Baking Blueberry Pie For Grief

When I began sharing our story of child loss, I had a dream. A vision that one day I would help other grieving parents share their stories. That I would help provide a platform, and this blog would become more than just my voice.

Please help me welcome Amy from Aloe & Moss.

Blueberries. Half wild for my adventurous and daring daughter, and the life she should have had. Half regular for me, for what was comfortable, for what I should have had.

Rinse them in warm water. I feel the cold flow away from the berries. I Feel the berries warm, let the new warmth wash over my hands.

Rinse them in cold water once for my love and once for my grief. Cold water brings an anxious mind to the present.

Put half the berries in a bowl that is big enough to hold everything I thought I would have. The other half of the berries go on the stove with lemon juice. Acid. Acid stings like her death. Acid hurts an open wound. I’m told the acid makes the blueberries brighter. For now, the acid makes me acutely aware of my circumstances.

Gently cook the berries until they reduce by half. Like my children. Reduced by half.

Gently mash the berries being cooked in acid. Break open the cooked berries to release the pectin. It helps to set what is left. It forms the gel that will keep the pie together. It holds whatever life I have together. The pectin is key to pie, and easily forgotten. If you forget to include what holds life together, the result is soupy; messy. She was my pectin. She delicately holds my future together.

Mix the cooked berries into the large bowl with the uncooked berries. Mix together what I thought I would have with what I actually have. Mix them to balance her lost future and my new life. I’m told if I mix them properly, I won’t taste the acid. I’m told the sweet will eventually overcome the sting in the acid.

I look to the proper mix to give me the balance I crave. Add dry lemon pudding mix and sugar and a grated apple. More acid. More sweet. More pectin. I must be resolute in my trust of the sweet to overtake the acid. I trust in those that have done this before and tell me what to expect.

I mix gently into my soul. Love into the turn. Watch life turn. Watch the child slip away. Mix her spirit and her sweet and her shine into the berries. Mix for love. Mix for loss. Mix for the grief and what life happens next.

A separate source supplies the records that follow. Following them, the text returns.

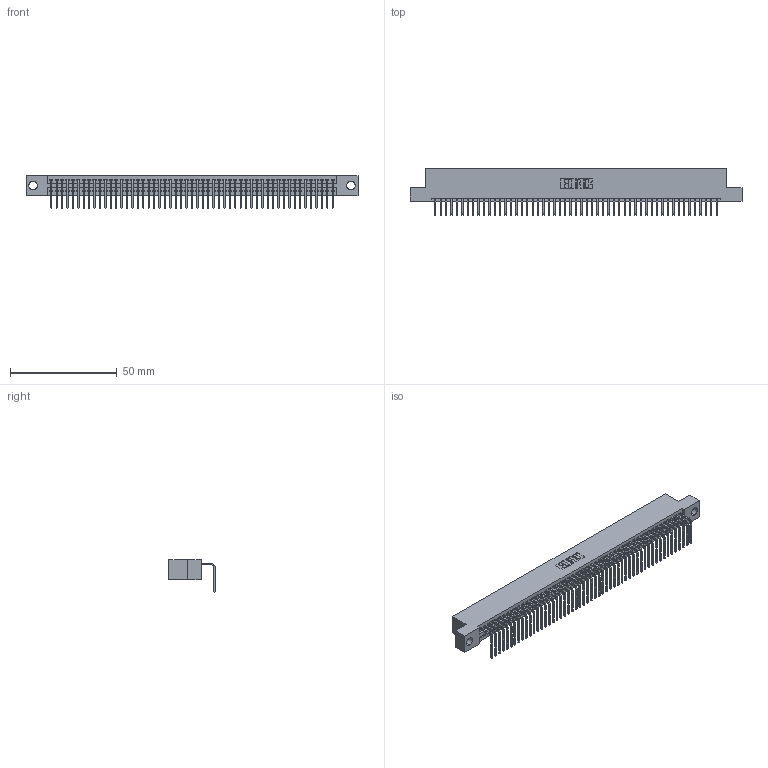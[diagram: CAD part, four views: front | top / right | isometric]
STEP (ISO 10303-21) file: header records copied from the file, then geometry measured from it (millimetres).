
FILE_DESCRIPTION (( 'STEP AP203' ), '1' );
FILE_NAME ('395-053-558-104.STEP', '2021-06-11T19:21:34', ( '' ), ( '' ), 'SwSTEP 2.0', 'SolidWorks 2020', '' );
FILE_SCHEMA (( 'CONFIG_CONTROL_DESIGN' ));
Length unit declared in the file: inch
Products named in the file (3): 345-292-001_558 Tail - 2; 345 Part_Flush Mounting Lugs - 0.156 Dia-TI; 395-053-558-104
Assembly tree (54 placements, depth 2):
  395-053-558-104
    345 Part_Flush Mounting Lugs - 0.156 Dia-TI
    345-292-001_558 Tail - 2  x53
Bounding box: 155.83 x 21.83 x 15.37 mm (x, y, z)
Volume: 14961.5 mm3; surface area: 20912.1 mm2
Topology: 54 solids, 54 shells, 3320 faces, 10023 edges, 6610 vertices
Faces by surface type: plane 2320, cylinder 1000
Entity records: 38911 total; most frequent: CARTESIAN_POINT 6749, ORIENTED_EDGE 6734, DIRECTION 5877, EDGE_CURVE 3367, LINE 3023, VECTOR 3023, VERTEX_POINT 2242, AXIS2_PLACEMENT_3D 1427

Pour more dry lemon pudding mix into the bottom of the crusted pie plate. More acid. I am told it makes the berries brighter. I have to trust it makes the berries brighter.

Everything goes into the plate and the plate goes into the very hot oven. It’s seems too hot. The temperature is much hotter than other recipes and cooking techniques. This will burn. Her loss will burn. It seems too much. When I open the oven to put the pie in, it heats my necklace. The memorial charm collects the rush of the heat and burns my throat.

Watch through the glass of the oven door. Watch the pie change in the heat. Watch life boil with the weight of the pectin that is supposed to keep it together.

Half way through, turn down the heat and rotate the pie. Release the scent into the house. The change is tangible. It’s in the air. It lingers. I can’t put it back. I can’t grab it or keep it. I can only idle in what I have at that moment. The memory of the sweet air will stay, but I can’t live the moment again.  It’s so sweet, the air, I can almost taste it. It’s so close I feel like I can touch it. It’s so close. So close. But it’s not there.  The sweet air is memory.

When the pie has bubbled with all its might – what’s left is not what I had. I can’t have that back. I have something different. The chemistry of the pie is result of a physical change.

The solemnity of the occasion allows my mind to wander and be focused at the same time. The production of the cooking and the bake yields a result I can’t find in my daily routine. In the fruit I find some escape. In the bake I find center and calm. I don’t find relief, but I do find a slowness I need to give my otherwise racing mind.

Amy is a Michigan based blogger who works in corporate purchasing by day. At night, she bakes pie. She currently lives with her partner Jayson and her daughter Alex, 19. Her blog, Aloe & Moss, is a project of love and loss. Amy lost her husband to cancer in 2010. Her 18-year old daughter passed away in 2017 on her late husband’s birthday.